[Task prompt]
Would it be possible to quote, exactly and in full, the lines from the one with "#296=ORIENTED_EDGE('',*,*,#98,.T.);" through the end of the entries below?

[Supplied information]
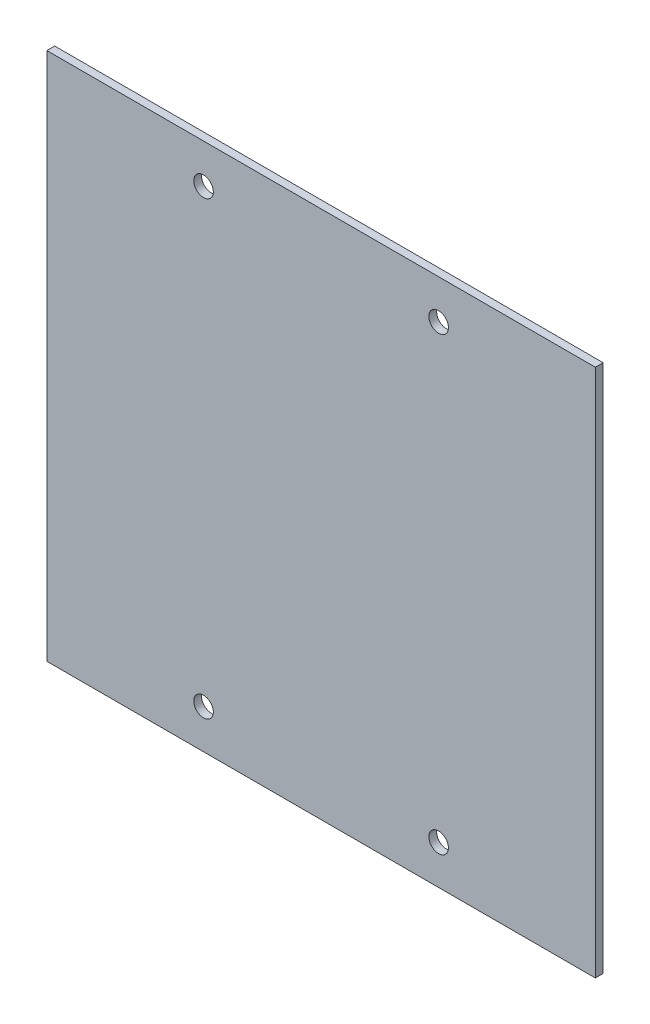
ISO-10303-21;
HEADER;
FILE_DESCRIPTION(('STEP AP214'),'2;1');
FILE_NAME('part.step','',(''),(''),'','','');
FILE_SCHEMA(('AUTOMOTIVE_DESIGN { 1 0 10303 214 1 1 1 1 }'));
ENDSEC;
DATA;
#1=APPLICATION_CONTEXT('core data for automotive mechanical design processes');
#2=APPLICATION_PROTOCOL_DEFINITION('international standard','automotive_design',2000,#1);
#3=PRODUCT_CONTEXT('',#1,'mechanical');
#4=PRODUCT('Part','Part','',(#3));
#5=PRODUCT_RELATED_PRODUCT_CATEGORY('part','',(#4));
#6=PRODUCT_DEFINITION_FORMATION('','',#4);
#7=PRODUCT_DEFINITION_CONTEXT('part definition',#1,'design');
#8=PRODUCT_DEFINITION('design','',#6,#7);
#9=PRODUCT_DEFINITION_SHAPE('','',#8);
#10=(LENGTH_UNIT() NAMED_UNIT(*) SI_UNIT(.MILLI.,.METRE.));
#11=(NAMED_UNIT(*) PLANE_ANGLE_UNIT() SI_UNIT($,.RADIAN.));
#12=(NAMED_UNIT(*) SI_UNIT($,.STERADIAN.) SOLID_ANGLE_UNIT());
#13=UNCERTAINTY_MEASURE_WITH_UNIT(LENGTH_MEASURE(1.E-05),#10,'distance_accuracy_value','');
#14=(GEOMETRIC_REPRESENTATION_CONTEXT(3) GLOBAL_UNCERTAINTY_ASSIGNED_CONTEXT((#13)) GLOBAL_UNIT_ASSIGNED_CONTEXT((#10,
#11,#12)) REPRESENTATION_CONTEXT('',''));
#15=CARTESIAN_POINT('',(0.,0.,0.));
#16=DIRECTION('',(0.,0.,1.));
#17=DIRECTION('',(1.,0.,0.));
#18=AXIS2_PLACEMENT_3D('',#15,#16,#17);
#19=CARTESIAN_POINT('',(0.,0.,2.));
#20=DIRECTION('',(0.,0.,-1.));
#21=DIRECTION('',(-1.,0.,0.));
#22=AXIS2_PLACEMENT_3D('',#19,#20,#21);
#23=PLANE('',#22);
#24=DIRECTION('',(0.,-1.,0.));
#25=VECTOR('',#24,1.);
#26=CARTESIAN_POINT('',(0.,0.,2.));
#27=LINE('',#26,#25);
#28=CARTESIAN_POINT('',(0.,135.,2.));
#29=VERTEX_POINT('',#28);
#30=CARTESIAN_POINT('',(0.,0.,2.));
#31=VERTEX_POINT('',#30);
#32=EDGE_CURVE('E88',#29,#31,#27,.T.);
#33=ORIENTED_EDGE('',*,*,#32,.T.);
#34=DIRECTION('',(1.,0.,0.));
#35=VECTOR('',#34,1.);
#36=CARTESIAN_POINT('',(0.,0.,2.));
#37=LINE('',#36,#35);
#38=CARTESIAN_POINT('',(140.,0.,2.));
#39=VERTEX_POINT('',#38);
#40=EDGE_CURVE('E83',#31,#39,#37,.T.);
#41=ORIENTED_EDGE('',*,*,#40,.T.);
#42=DIRECTION('',(0.,1.,0.));
#43=VECTOR('',#42,1.);
#44=CARTESIAN_POINT('',(140.,0.,2.));
#45=LINE('',#44,#43);
#46=CARTESIAN_POINT('',(140.,135.,2.));
#47=VERTEX_POINT('',#46);
#48=EDGE_CURVE('E86',#39,#47,#45,.T.);
#49=ORIENTED_EDGE('',*,*,#48,.T.);
#50=DIRECTION('',(-1.,0.,0.));
#51=VECTOR('',#50,1.);
#52=CARTESIAN_POINT('',(0.,135.,2.));
#53=LINE('',#52,#51);
#54=EDGE_CURVE('E53',#47,#29,#53,.T.);
#55=ORIENTED_EDGE('',*,*,#54,.T.);
#56=EDGE_LOOP('',(#33,#41,#49,#55));
#57=FACE_BOUND('',#56,.T.);
#58=CARTESIAN_POINT('',(40.,125.,2.));
#59=DIRECTION('',(0.,0.,1.));
#60=DIRECTION('',(1.,0.,0.));
#61=AXIS2_PLACEMENT_3D('',#58,#59,#60);
#62=CIRCLE('',#61,2.5);
#63=CARTESIAN_POINT('',(42.5,125.,2.));
#64=VERTEX_POINT('',#63);
#65=EDGE_CURVE('E103',#64,#64,#62,.T.);
#66=ORIENTED_EDGE('',*,*,#65,.F.);
#67=EDGE_LOOP('',(#66));
#68=FACE_BOUND('',#67,.T.);
#69=CARTESIAN_POINT('',(100.,125.,2.));
#70=DIRECTION('',(0.,0.,1.));
#71=DIRECTION('',(1.,0.,0.));
#72=AXIS2_PLACEMENT_3D('',#69,#70,#71);
#73=CIRCLE('',#72,2.5);
#74=CARTESIAN_POINT('',(102.5,125.,2.));
#75=VERTEX_POINT('',#74);
#76=EDGE_CURVE('E118',#75,#75,#73,.T.);
#77=ORIENTED_EDGE('',*,*,#76,.F.);
#78=EDGE_LOOP('',(#77));
#79=FACE_BOUND('',#78,.T.);
#80=CARTESIAN_POINT('',(40.,10.,2.));
#81=DIRECTION('',(0.,0.,1.));
#82=DIRECTION('',(1.,0.,0.));
#83=AXIS2_PLACEMENT_3D('',#80,#81,#82);
#84=CIRCLE('',#83,2.5);
#85=CARTESIAN_POINT('',(42.5,10.,2.));
#86=VERTEX_POINT('',#85);
#87=EDGE_CURVE('E124',#86,#86,#84,.T.);
#88=ORIENTED_EDGE('',*,*,#87,.F.);
#89=EDGE_LOOP('',(#88));
#90=FACE_BOUND('',#89,.T.);
#91=CARTESIAN_POINT('',(100.,10.,2.));
#92=DIRECTION('',(0.,0.,1.));
#93=DIRECTION('',(1.,0.,0.));
#94=AXIS2_PLACEMENT_3D('',#91,#92,#93);
#95=CIRCLE('',#94,2.49999999999999);
#96=CARTESIAN_POINT('',(102.5,10.,2.));
#97=VERTEX_POINT('',#96);
#98=EDGE_CURVE('E130',#97,#97,#95,.T.);
#99=ORIENTED_EDGE('',*,*,#98,.F.);
#100=EDGE_LOOP('',(#99));
#101=FACE_BOUND('',#100,.T.);
#102=ADVANCED_FACE('F36',(#57,#68,#79,#90,#101),#23,.F.);
#103=CARTESIAN_POINT('',(0.,0.,0.));
#104=DIRECTION('',(0.,0.,-1.));
#105=DIRECTION('',(-1.,0.,0.));
#106=AXIS2_PLACEMENT_3D('',#103,#104,#105);
#107=PLANE('',#106);
#108=CARTESIAN_POINT('',(40.,10.,0.));
#109=DIRECTION('',(0.,0.,1.));
#110=DIRECTION('',(1.,0.,0.));
#111=AXIS2_PLACEMENT_3D('',#108,#109,#110);
#112=CIRCLE('',#111,2.5);
#113=CARTESIAN_POINT('',(42.5,10.,0.));
#114=VERTEX_POINT('',#113);
#115=EDGE_CURVE('E127',#114,#114,#112,.T.);
#116=ORIENTED_EDGE('',*,*,#115,.T.);
#117=EDGE_LOOP('',(#116));
#118=FACE_BOUND('',#117,.T.);
#119=CARTESIAN_POINT('',(40.,125.,0.));
#120=DIRECTION('',(0.,0.,1.));
#121=DIRECTION('',(1.,0.,0.));
#122=AXIS2_PLACEMENT_3D('',#119,#120,#121);
#123=CIRCLE('',#122,2.5);
#124=CARTESIAN_POINT('',(42.5,125.,0.));
#125=VERTEX_POINT('',#124);
#126=EDGE_CURVE('E115',#125,#125,#123,.T.);
#127=ORIENTED_EDGE('',*,*,#126,.T.);
#128=EDGE_LOOP('',(#127));
#129=FACE_BOUND('',#128,.T.);
#130=DIRECTION('',(0.,-1.,0.));
#131=VECTOR('',#130,1.);
#132=CARTESIAN_POINT('',(0.,0.,0.));
#133=LINE('',#132,#131);
#134=CARTESIAN_POINT('',(0.,135.,0.));
#135=VERTEX_POINT('',#134);
#136=CARTESIAN_POINT('',(0.,0.,0.));
#137=VERTEX_POINT('',#136);
#138=EDGE_CURVE('E100',#135,#137,#133,.T.);
#139=ORIENTED_EDGE('',*,*,#138,.F.);
#140=DIRECTION('',(-1.,0.,0.));
#141=VECTOR('',#140,1.);
#142=CARTESIAN_POINT('',(0.,135.,0.));
#143=LINE('',#142,#141);
#144=CARTESIAN_POINT('',(140.,135.,0.));
#145=VERTEX_POINT('',#144);
#146=EDGE_CURVE('E76',#145,#135,#143,.T.);
#147=ORIENTED_EDGE('',*,*,#146,.F.);
#148=DIRECTION('',(0.,1.,0.));
#149=VECTOR('',#148,1.);
#150=CARTESIAN_POINT('',(140.,0.,0.));
#151=LINE('',#150,#149);
#152=CARTESIAN_POINT('',(140.,0.,0.));
#153=VERTEX_POINT('',#152);
#154=EDGE_CURVE('E70',#153,#145,#151,.T.);
#155=ORIENTED_EDGE('',*,*,#154,.F.);
#156=DIRECTION('',(1.,0.,0.));
#157=VECTOR('',#156,1.);
#158=CARTESIAN_POINT('',(0.,0.,0.));
#159=LINE('',#158,#157);
#160=EDGE_CURVE('E92',#137,#153,#159,.T.);
#161=ORIENTED_EDGE('',*,*,#160,.F.);
#162=EDGE_LOOP('',(#139,#147,#155,#161));
#163=FACE_BOUND('',#162,.T.);
#164=CARTESIAN_POINT('',(100.,125.,0.));
#165=DIRECTION('',(0.,0.,1.));
#166=DIRECTION('',(1.,0.,0.));
#167=AXIS2_PLACEMENT_3D('',#164,#165,#166);
#168=CIRCLE('',#167,2.5);
#169=CARTESIAN_POINT('',(102.5,125.,0.));
#170=VERTEX_POINT('',#169);
#171=EDGE_CURVE('E121',#170,#170,#168,.T.);
#172=ORIENTED_EDGE('',*,*,#171,.T.);
#173=EDGE_LOOP('',(#172));
#174=FACE_BOUND('',#173,.T.);
#175=CARTESIAN_POINT('',(100.,10.,0.));
#176=DIRECTION('',(0.,0.,1.));
#177=DIRECTION('',(1.,0.,0.));
#178=AXIS2_PLACEMENT_3D('',#175,#176,#177);
#179=CIRCLE('',#178,2.49999999999999);
#180=CARTESIAN_POINT('',(102.5,10.,0.));
#181=VERTEX_POINT('',#180);
#182=EDGE_CURVE('E133',#181,#181,#179,.T.);
#183=ORIENTED_EDGE('',*,*,#182,.T.);
#184=EDGE_LOOP('',(#183));
#185=FACE_BOUND('',#184,.T.);
#186=ADVANCED_FACE('F111',(#118,#129,#163,#174,#185),#107,.T.);
#187=CARTESIAN_POINT('',(0.,0.,2.));
#188=DIRECTION('',(1.,0.,0.));
#189=DIRECTION('',(0.,0.,-1.));
#190=AXIS2_PLACEMENT_3D('',#187,#188,#189);
#191=PLANE('',#190);
#192=ORIENTED_EDGE('',*,*,#138,.T.);
#193=DIRECTION('',(0.,0.,-1.));
#194=VECTOR('',#193,1.);
#195=CARTESIAN_POINT('',(0.,0.,2.));
#196=LINE('',#195,#194);
#197=EDGE_CURVE('E11',#31,#137,#196,.T.);
#198=ORIENTED_EDGE('',*,*,#197,.F.);
#199=ORIENTED_EDGE('',*,*,#32,.F.);
#200=DIRECTION('',(0.,0.,-1.));
#201=VECTOR('',#200,1.);
#202=CARTESIAN_POINT('',(0.,135.,2.));
#203=LINE('',#202,#201);
#204=EDGE_CURVE('E96',#29,#135,#203,.T.);
#205=ORIENTED_EDGE('',*,*,#204,.T.);
#206=EDGE_LOOP('',(#192,#198,#199,#205));
#207=FACE_BOUND('',#206,.T.);
#208=ADVANCED_FACE('F38',(#207),#191,.F.);
#209=CARTESIAN_POINT('',(0.,0.,2.));
#210=DIRECTION('',(0.,1.,0.));
#211=DIRECTION('',(0.,0.,1.));
#212=AXIS2_PLACEMENT_3D('',#209,#210,#211);
#213=PLANE('',#212);
#214=ORIENTED_EDGE('',*,*,#160,.T.);
#215=DIRECTION('',(0.,0.,-1.));
#216=VECTOR('',#215,1.);
#217=CARTESIAN_POINT('',(140.,0.,2.));
#218=LINE('',#217,#216);
#219=EDGE_CURVE('E45',#39,#153,#218,.T.);
#220=ORIENTED_EDGE('',*,*,#219,.F.);
#221=ORIENTED_EDGE('',*,*,#40,.F.);
#222=ORIENTED_EDGE('',*,*,#197,.T.);
#223=EDGE_LOOP('',(#214,#220,#221,#222));
#224=FACE_BOUND('',#223,.T.);
#225=ADVANCED_FACE('F91',(#224),#213,.F.);
#226=CARTESIAN_POINT('',(140.,0.,2.));
#227=DIRECTION('',(-1.,0.,0.));
#228=DIRECTION('',(0.,0.,1.));
#229=AXIS2_PLACEMENT_3D('',#226,#227,#228);
#230=PLANE('',#229);
#231=ORIENTED_EDGE('',*,*,#154,.T.);
#232=DIRECTION('',(0.,0.,-1.));
#233=VECTOR('',#232,1.);
#234=CARTESIAN_POINT('',(140.,135.,2.));
#235=LINE('',#234,#233);
#236=EDGE_CURVE('E93',#47,#145,#235,.T.);
#237=ORIENTED_EDGE('',*,*,#236,.F.);
#238=ORIENTED_EDGE('',*,*,#48,.F.);
#239=ORIENTED_EDGE('',*,*,#219,.T.);
#240=EDGE_LOOP('',(#231,#237,#238,#239));
#241=FACE_BOUND('',#240,.T.);
#242=ADVANCED_FACE('F94',(#241),#230,.F.);
#243=CARTESIAN_POINT('',(0.,135.,2.));
#244=DIRECTION('',(0.,-1.,0.));
#245=DIRECTION('',(0.,0.,-1.));
#246=AXIS2_PLACEMENT_3D('',#243,#244,#245);
#247=PLANE('',#246);
#248=ORIENTED_EDGE('',*,*,#146,.T.);
#249=ORIENTED_EDGE('',*,*,#204,.F.);
#250=ORIENTED_EDGE('',*,*,#54,.F.);
#251=ORIENTED_EDGE('',*,*,#236,.T.);
#252=EDGE_LOOP('',(#248,#249,#250,#251));
#253=FACE_BOUND('',#252,.T.);
#254=ADVANCED_FACE('F108',(#253),#247,.F.);
#255=CARTESIAN_POINT('',(40.,125.,2.));
#256=DIRECTION('',(0.,0.,-1.));
#257=DIRECTION('',(-1.,0.,0.));
#258=AXIS2_PLACEMENT_3D('',#255,#256,#257);
#259=CYLINDRICAL_SURFACE('',#258,2.5);
#260=ORIENTED_EDGE('',*,*,#65,.T.);
#261=EDGE_LOOP('',(#260));
#262=FACE_BOUND('',#261,.T.);
#263=ORIENTED_EDGE('',*,*,#126,.F.);
#264=EDGE_LOOP('',(#263));
#265=FACE_BOUND('',#264,.T.);
#266=ADVANCED_FACE('F150',(#262,#265),#259,.F.);
#267=CARTESIAN_POINT('',(100.,125.,2.));
#268=DIRECTION('',(0.,0.,-1.));
#269=DIRECTION('',(-1.,0.,0.));
#270=AXIS2_PLACEMENT_3D('',#267,#268,#269);
#271=CYLINDRICAL_SURFACE('',#270,2.5);
#272=ORIENTED_EDGE('',*,*,#76,.T.);
#273=EDGE_LOOP('',(#272));
#274=FACE_BOUND('',#273,.T.);
#275=ORIENTED_EDGE('',*,*,#171,.F.);
#276=EDGE_LOOP('',(#275));
#277=FACE_BOUND('',#276,.T.);
#278=ADVANCED_FACE('F196',(#274,#277),#271,.F.);
#279=CARTESIAN_POINT('',(40.,10.,2.));
#280=DIRECTION('',(0.,0.,-1.));
#281=DIRECTION('',(-1.,0.,0.));
#282=AXIS2_PLACEMENT_3D('',#279,#280,#281);
#283=CYLINDRICAL_SURFACE('',#282,2.5);
#284=ORIENTED_EDGE('',*,*,#87,.T.);
#285=EDGE_LOOP('',(#284));
#286=FACE_BOUND('',#285,.T.);
#287=ORIENTED_EDGE('',*,*,#115,.F.);
#288=EDGE_LOOP('',(#287));
#289=FACE_BOUND('',#288,.T.);
#290=ADVANCED_FACE('F204',(#286,#289),#283,.F.);
#291=CARTESIAN_POINT('',(100.,10.,2.));
#292=DIRECTION('',(0.,0.,-1.));
#293=DIRECTION('',(-1.,0.,0.));
#294=AXIS2_PLACEMENT_3D('',#291,#292,#293);
#295=CYLINDRICAL_SURFACE('',#294,2.49999999999999);
#296=ORIENTED_EDGE('',*,*,#98,.T.);
#297=EDGE_LOOP('',(#296));
#298=FACE_BOUND('',#297,.T.);
#299=ORIENTED_EDGE('',*,*,#182,.F.);
#300=EDGE_LOOP('',(#299));
#301=FACE_BOUND('',#300,.T.);
#302=ADVANCED_FACE('F139',(#298,#301),#295,.F.);
#303=CLOSED_SHELL('',(#102,#186,#208,#225,#242,#254,#266,#278,#290,#302));
#304=MANIFOLD_SOLID_BREP('B2',#303);
#305=ADVANCED_BREP_SHAPE_REPRESENTATION('',(#18,#304),#14);
#306=SHAPE_DEFINITION_REPRESENTATION(#9,#305);
ENDSEC;
END-ISO-10303-21;

[Reply to the task]
#296=ORIENTED_EDGE('',*,*,#98,.T.);
#297=EDGE_LOOP('',(#296));
#298=FACE_BOUND('',#297,.T.);
#299=ORIENTED_EDGE('',*,*,#182,.F.);
#300=EDGE_LOOP('',(#299));
#301=FACE_BOUND('',#300,.T.);
#302=ADVANCED_FACE('F139',(#298,#301),#295,.F.);
#303=CLOSED_SHELL('',(#102,#186,#208,#225,#242,#254,#266,#278,#290,#302));
#304=MANIFOLD_SOLID_BREP('B2',#303);
#305=ADVANCED_BREP_SHAPE_REPRESENTATION('',(#18,#304),#14);
#306=SHAPE_DEFINITION_REPRESENTATION(#9,#305);
ENDSEC;
END-ISO-10303-21;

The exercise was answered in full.